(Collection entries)
·····

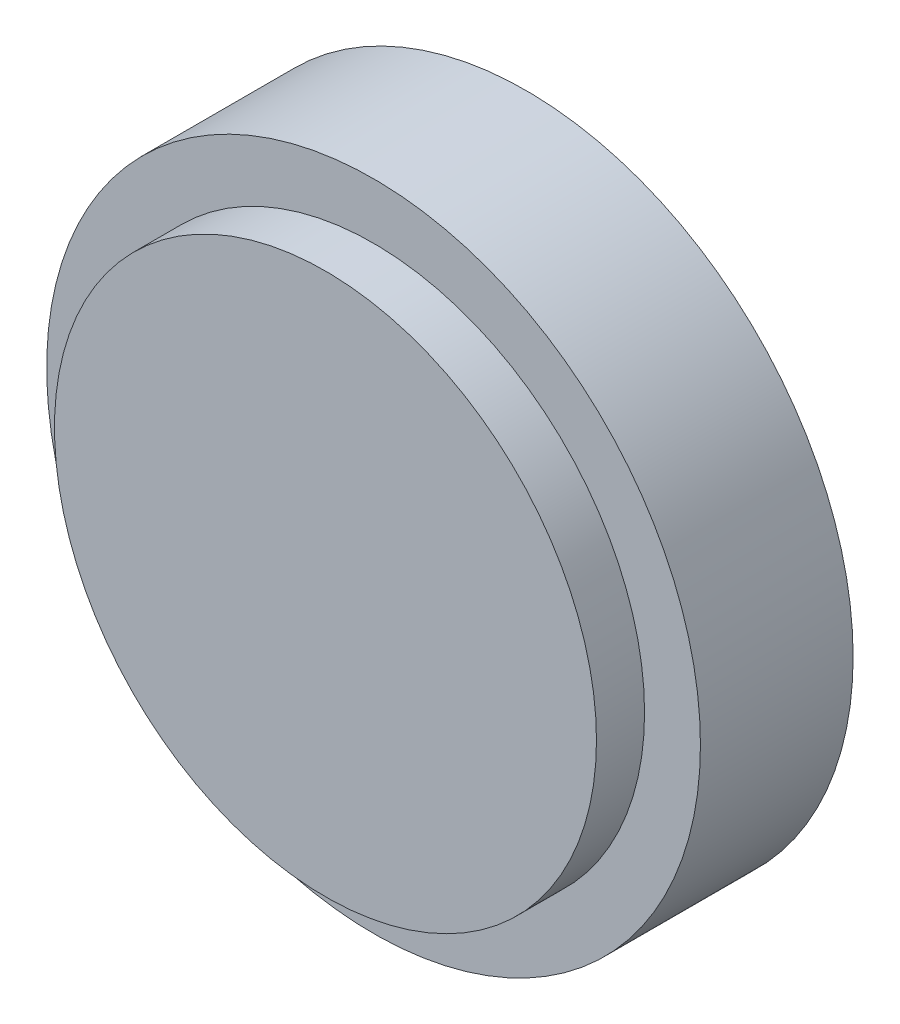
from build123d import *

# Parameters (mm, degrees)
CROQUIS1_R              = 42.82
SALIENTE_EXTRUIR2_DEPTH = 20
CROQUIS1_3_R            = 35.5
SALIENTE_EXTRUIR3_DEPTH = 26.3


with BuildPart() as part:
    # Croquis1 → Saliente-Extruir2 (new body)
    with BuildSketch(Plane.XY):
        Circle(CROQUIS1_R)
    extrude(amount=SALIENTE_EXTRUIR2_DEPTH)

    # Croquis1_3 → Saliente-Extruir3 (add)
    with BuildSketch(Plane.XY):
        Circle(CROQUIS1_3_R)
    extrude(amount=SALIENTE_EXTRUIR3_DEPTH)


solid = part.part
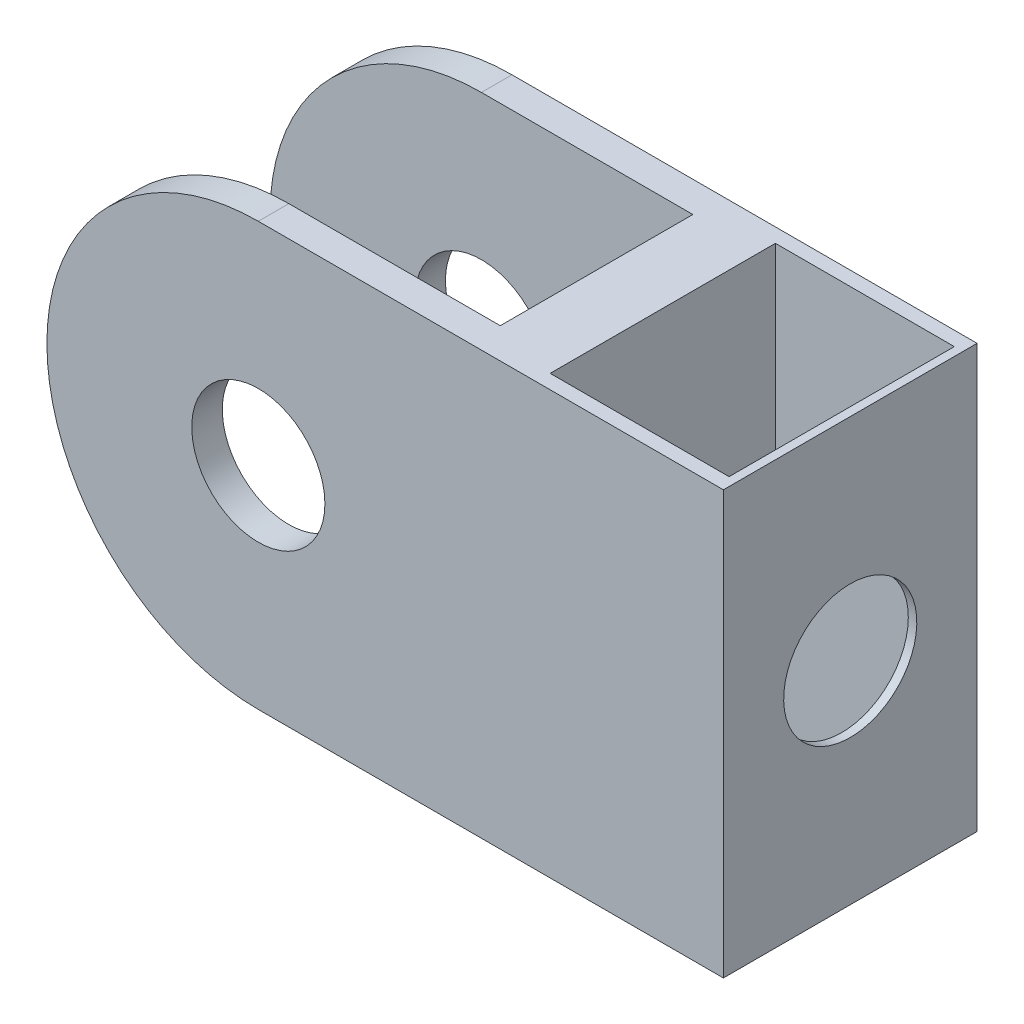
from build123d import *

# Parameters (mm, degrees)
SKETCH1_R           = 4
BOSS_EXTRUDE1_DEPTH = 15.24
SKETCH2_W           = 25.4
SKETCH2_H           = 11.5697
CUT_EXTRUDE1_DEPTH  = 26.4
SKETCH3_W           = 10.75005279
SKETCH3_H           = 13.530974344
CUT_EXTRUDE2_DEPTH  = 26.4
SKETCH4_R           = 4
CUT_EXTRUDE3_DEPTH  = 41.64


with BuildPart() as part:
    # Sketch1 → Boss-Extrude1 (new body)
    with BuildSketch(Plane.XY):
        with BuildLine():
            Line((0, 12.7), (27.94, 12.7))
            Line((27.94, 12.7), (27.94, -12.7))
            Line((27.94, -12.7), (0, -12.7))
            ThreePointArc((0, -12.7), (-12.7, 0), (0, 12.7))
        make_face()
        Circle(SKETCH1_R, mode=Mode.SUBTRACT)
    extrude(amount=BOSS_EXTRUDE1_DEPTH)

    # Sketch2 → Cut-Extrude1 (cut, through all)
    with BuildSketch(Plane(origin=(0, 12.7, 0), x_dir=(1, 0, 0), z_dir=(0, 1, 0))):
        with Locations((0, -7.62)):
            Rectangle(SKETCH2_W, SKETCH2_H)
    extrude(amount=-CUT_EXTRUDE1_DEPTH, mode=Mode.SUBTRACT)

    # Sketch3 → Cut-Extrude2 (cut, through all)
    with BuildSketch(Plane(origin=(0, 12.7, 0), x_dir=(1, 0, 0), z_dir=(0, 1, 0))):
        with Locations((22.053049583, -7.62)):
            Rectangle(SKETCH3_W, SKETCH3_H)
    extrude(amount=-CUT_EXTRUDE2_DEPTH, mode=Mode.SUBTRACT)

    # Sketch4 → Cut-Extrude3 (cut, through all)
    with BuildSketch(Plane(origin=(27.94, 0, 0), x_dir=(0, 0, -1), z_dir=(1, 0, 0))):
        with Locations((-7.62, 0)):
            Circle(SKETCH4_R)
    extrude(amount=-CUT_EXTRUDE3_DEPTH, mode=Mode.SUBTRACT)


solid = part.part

·····

GOAL OF THE EXERCISE>
Apart from the images, please copy every line of the data exactly as written.

OUTPUT OF THE TASK>
from build123d import *

# Parameters (mm, degrees)
CROQUIS1_R              = 42.82
SALIENTE_EXTRUIR2_DEPTH = 20
CROQUIS1_3_R            = 35.5
SALIENTE_EXTRUIR3_DEPTH = 26.3


with BuildPart() as part:
    # Croquis1 → Saliente-Extruir2 (new body)
    with BuildSketch(Plane.XY):
        Circle(CROQUIS1_R)
    extrude(amount=SALIENTE_EXTRUIR2_DEPTH)

    # Croquis1_3 → Saliente-Extruir3 (add)
    with BuildSketch(Plane.XY):
        Circle(CROQUIS1_3_R)
    extrude(amount=SALIENTE_EXTRUIR3_DEPTH)


solid = part.part
from build123d import *

# Parameters (mm, degrees)
SKETCH1_R           = 4
BOSS_EXTRUDE1_DEPTH = 15.24
SKETCH2_W           = 25.4
SKETCH2_H           = 11.5697
CUT_EXTRUDE1_DEPTH  = 26.4
SKETCH3_W           = 10.75005279
SKETCH3_H           = 13.530974344
CUT_EXTRUDE2_DEPTH  = 26.4
SKETCH4_R           = 4
CUT_EXTRUDE3_DEPTH  = 41.64


with BuildPart() as part:
    # Sketch1 → Boss-Extrude1 (new body)
    with BuildSketch(Plane.XY):
        with BuildLine():
            Line((0, 12.7), (27.94, 12.7))
            Line((27.94, 12.7), (27.94, -12.7))
            Line((27.94, -12.7), (0, -12.7))
            ThreePointArc((0, -12.7), (-12.7, 0), (0, 12.7))
        make_face()
        Circle(SKETCH1_R, mode=Mode.SUBTRACT)
    extrude(amount=BOSS_EXTRUDE1_DEPTH)

    # Sketch2 → Cut-Extrude1 (cut, through all)
    with BuildSketch(Plane(origin=(0, 12.7, 0), x_dir=(1, 0, 0), z_dir=(0, 1, 0))):
        with Locations((0, -7.62)):
            Rectangle(SKETCH2_W, SKETCH2_H)
    extrude(amount=-CUT_EXTRUDE1_DEPTH, mode=Mode.SUBTRACT)

    # Sketch3 → Cut-Extrude2 (cut, through all)
    with BuildSketch(Plane(origin=(0, 12.7, 0), x_dir=(1, 0, 0), z_dir=(0, 1, 0))):
        with Locations((22.053049583, -7.62)):
            Rectangle(SKETCH3_W, SKETCH3_H)
    extrude(amount=-CUT_EXTRUDE2_DEPTH, mode=Mode.SUBTRACT)

    # Sketch4 → Cut-Extrude3 (cut, through all)
    with BuildSketch(Plane(origin=(27.94, 0, 0), x_dir=(0, 0, -1), z_dir=(1, 0, 0))):
        with Locations((-7.62, 0)):
            Circle(SKETCH4_R)
    extrude(amount=-CUT_EXTRUDE3_DEPTH, mode=Mode.SUBTRACT)


solid = part.part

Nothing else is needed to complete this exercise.